What went wrong? Digital cameras have been around for decades, but in the mid-1990s they began delivering decent quality at affordable prices. That strangled demand for Kodak s print film. In the past five years the company has halved its workforce, sold its medical imaging business, and spent $5 billion on a push into digital products and services, which now make up two-thirds of sales. But margins for digital products are thin and demand for all sorts of electronics has recently dissolved. Canon (CAJ), for example, probably has the best-reviewed stable of digital cameras and camcorders on the market. Its shares are down 54% in two years.
Worth Buying today? Maybe. Sales are in serious decline with a 14% drop expected for this year and early forecasts calling for a 7% slip next year. Also, the dividend yield of nearly 13% might be at risk and not for the first time. Less than six years ago, the company slashed its yearly payment by more than two-thirds. That said, Kodak has more than $800 million in excess cash at the moment (and a yearly dividend expense of $139 million).

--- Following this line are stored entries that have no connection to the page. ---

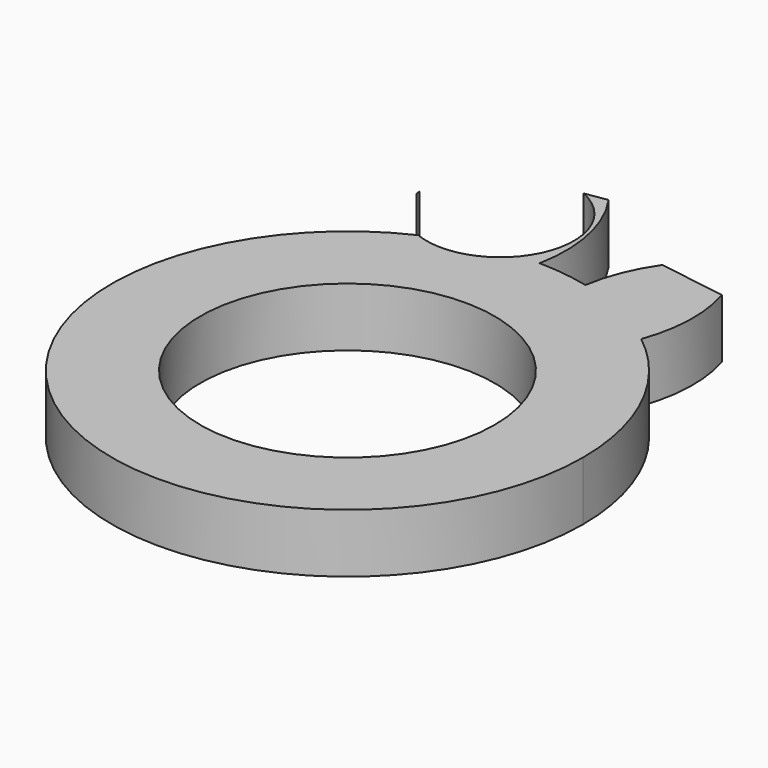
from build123d import *

# Parameters (mm, degrees)
F2_R     = 2.5
F3_DEPTH = 1


# Not quite as in the source:
# - a feature of the source that left no trace in its solid (it failed there, or was rolled back) is left out


with BuildPart() as f3:
    # F2 (on Top) → F3 (new body)
    with BuildSketch(Plane.XY):
        with BuildLine():
            ThreePointArc((-1.6960043415, 3.6226467222), (-2.1466232359, -3.3752049839), (4, 0))
            ThreePointArc((4, 0), (3.7786523245, 1.3121686669), (3.1391066948, 2.4791145917))
            ThreePointArc((3.1391066948, 2.4791145917), (2.8274967449, 2.8293571986), (2.4770492462, 3.1407367021))
            ThreePointArc((2.4770492462, 3.1407367021), (1.7443008848, 3.5996408742), (0.9300595273, 3.8903713545))
            ThreePointArc((0.9300595273, 3.8903713545), (0.5005649816, 3.9685557447), (0.0651081325, 3.9994700813))
            ThreePointArc((0.0651081325, 3.9994700813), (-0.0993482735, 3.9987660497), (-0.2636367411, 3.9913025028))
            ThreePointArc((-0.2636367411, 3.9913025028), (-0.9194446737, 3.572391456), (-1.6960043415, 3.6226467222))
        make_face()
        Circle(F2_R, mode=Mode.SUBTRACT)
        with BuildLine():
            ThreePointArc((0.9300595273, 3.8903713545), (1.7443008848, 3.5996408742), (2.4770492462, 3.1407367021))
            ThreePointArc((2.4770492462, 3.1407367021), (2.6347989126, 3.9640717606), (2.5237715391, 4.7949980498))
            Line((2.5237715391, 4.7949980498), (1.3669232641, 4.9782248164))
            ThreePointArc((1.3669232641, 4.9782248164), (1.0867126989, 4.4591073757), (0.9300595273, 3.8903713545))
        make_face()
        with BuildLine():
            ThreePointArc((-0.733402564, 5.9296250647), (-0.0161783263, 5.0773625262), (-0.2636367411, 3.9913025028))
            ThreePointArc((-0.2636367411, 3.9913025028), (-0.0993482735, 3.9987660497), (0.0651081325, 3.9994700813))
            ThreePointArc((0.0651081325, 3.9994700813), (0.0562243119, 5.0370730396), (-0.3557009583, 5.9894471221))
            Line((-0.3557009583, 5.9894471221), (-0.733402564, 5.9296250647))
        make_face()
    extrude(amount=F3_DEPTH)


with BuildPart() as f3b:
    # F2 (on Top) → F3, piece 2 (new body)
    with BuildSketch(Plane.XY):
        with BuildLine():
            ThreePointArc((-2.4696169155, 4.6145588285), (-2.4642610911, 4.5790010988), (-2.4578846973, 4.5436121372))
            ThreePointArc((-2.4578846973, 4.5436121372), (-2.4635067961, 4.579125834), (-2.4696169155, 4.6145588285))
        make_face()
    extrude(amount=F3_DEPTH)


solid = Compound([f3.part, f3b.part])
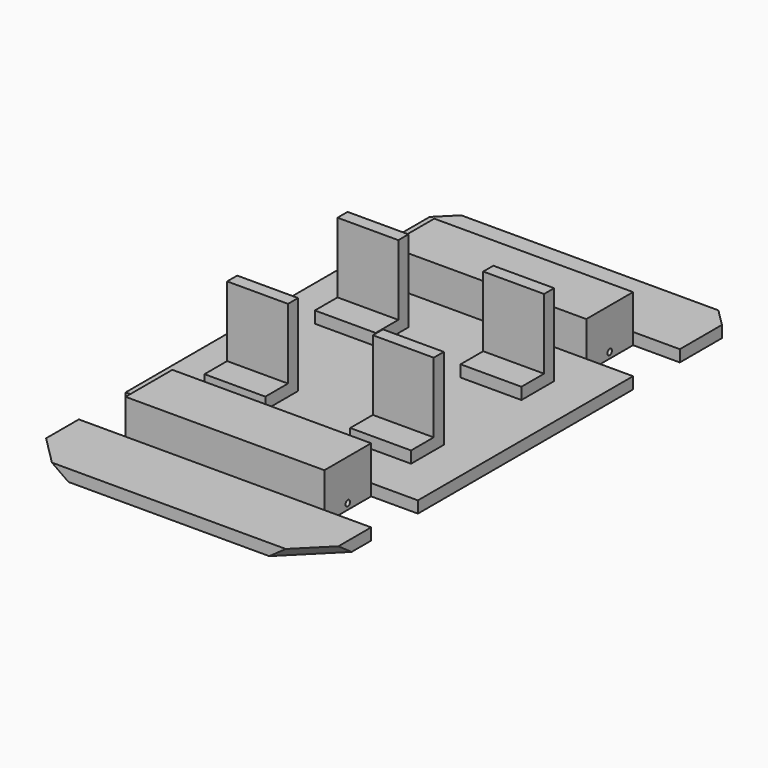
from build123d import *

# Parameters (mm, degrees)
F1_DEPTH  = 1
F2_W      = 5
F2_H      = 3
F3_DEPTH  = 8.5
F4_SIZE   = 2.5
F5_SIZE   = 1.5
F6_SIZE   = 0.99999
F7_R      = 0.245
F8_DEPTH  = 17
F9_W      = 5.2027019071
F9_H      = 3.5
F10_DEPTH = 1
F11_W     = 5.2027019071
F11_H     = 1.0782994613
F12_DEPTH = 6
F13_W     = 5.2027019071
F13_H     = 1.0795953252
F14_DEPTH = 6


# Not quite as in the source:
# - a fillet or chamfer is up to 0.001 mm smaller than in the source, because OpenCascade refuses the exact size


with BuildPart() as f1:
    # F0 (on Top) → F1 (new body)
    with BuildSketch(Plane.XY):
        Polygon((-12.5, -22.5), (12.5, -22.5), (12.5, -16.5), (8.5, -16.5), (8.5, -11.5), (12.5, -11.5), (12.5, 11.5), (8.5, 11.5), (8.5, 16.5), (12.5, 16.5), (12.5, 22.5), (-12.5, 22.5), (-12.5, 16.5), (-8.5, 16.5), (-8.5, 11.5), (-12.5, 11.5), (-12.5, -11.5), (-8.5, -11.5), (-8.5, -16.5), (-12.5, -16.5), align=None)
    extrude(amount=F1_DEPTH)

    # F2 (on Right) → F3 (join, symmetric)
    with BuildSketch(Plane.YZ):
        with Locations((-14, 2.5)):
            Rectangle(F2_W, F2_H)
        with Locations((14, 2.5)):
            Rectangle(F2_W, F2_H)
    extrude(amount=F3_DEPTH, both=True)

    # F4
    f4_edges = [f1.edges().sort_by_distance(p)[0] for p in [
        (12.5, -22.5, 0.5),
        (-12.5, -22.5, 0.5),
    ]]
    chamfer(f4_edges, length=F4_SIZE)

    # F5
    f5_edges = [f1.edges().sort_by_distance(p)[0] for p in [
        (12.5, 22.5, 0.5),
        (-12.5, 22.5, 0.5),
    ]]
    chamfer(f5_edges, length=F5_SIZE)

    # F6 (size 1 in the source; OpenCascade refuses exactly that, so slightly less here)
    f6_edges = [f1.edges().sort_by_distance(p)[0] for p in [
        (-11.25, -21.25, 0),
        (11.25, -21.25, 0),
    ]]
    chamfer(f6_edges, length=F6_SIZE)

    # F7 (on face) → F8 (cut)
    with BuildSketch(Plane.YZ.offset(8.5)):
        with Locations((-14, 0.5039868411)):
            Circle(F7_R)
        with Locations((14, 0.5039868411)):
            Circle(F7_R)
    extrude(amount=-F8_DEPTH, mode=Mode.SUBTRACT)

    # F9 (on face) → F10 (join)
    with BuildSketch(Plane.XY.offset(1)):
        with Locations((6.2317421885, -5.8993692152)):
            Rectangle(F9_W, F9_H)
        with Locations((-6.2317421885, -5.8993692152)):
            Rectangle(F9_W, F9_H)
        with Locations((-6.2317421885, 5.8993692152)):
            Rectangle(F9_W, F9_H)
        with Locations((6.2317421885, 5.8993692152)):
            Rectangle(F9_W, F9_H)
    extrude(amount=F10_DEPTH)

    # F11 (on face) → F12 (join)
    with BuildSketch(Plane.XY.offset(2)):
        with Locations((6.2317421885, -4.6885189459)):
            Rectangle(F11_W, F11_H)
        with Locations((-6.2317421885, -4.6885189459)):
            Rectangle(F11_W, F11_H)
    extrude(amount=F12_DEPTH)

    # F13 (on face) → F14 (join)
    with BuildSketch(Plane.XY.offset(2)):
        with Locations((6.2317421885, 7.1095715527)):
            Rectangle(F13_W, F13_H)
        with Locations((-6.2317421885, 7.1095715527)):
            Rectangle(F13_W, F13_H)
    extrude(amount=F14_DEPTH)


solid = f1.part

It will generate about $8 billion in sales this year, albeit at a loss. And the whole company, net of cash and debt, sells for $190 million. That s a giant mismatch between sales and stock market value -- the kind that begs for either fresh management or a clever private equity investor to squeeze out a higher price.
General Motors (GM)
Decline: 96% in just over nine years.
What went wrong? At this time in 2000, GM was on a nice little roll. Its stock price had nearly doubled in three years. Unfortunately, much of the company s financial improvements were owed to a sharp production shift toward its most lucrative vehicles at the time: trucks like the Chevy Silverado. A rise in U.S. gasoline prices to more than $4 a gallon last year killed demand for just such vehicles. Much of the company s misfortune, though, has little to do with cars. U.S. tax policy pushes employers into the role of funding health care, and labor unions make it difficult for car makers in particular to share rising costs with workers. Last year, health care cost GM more than $1,500 per vehicle. Over the past 15 years, the company has spent $103 billion on pensions and health care for retirees. That s 85 times its current stock market value.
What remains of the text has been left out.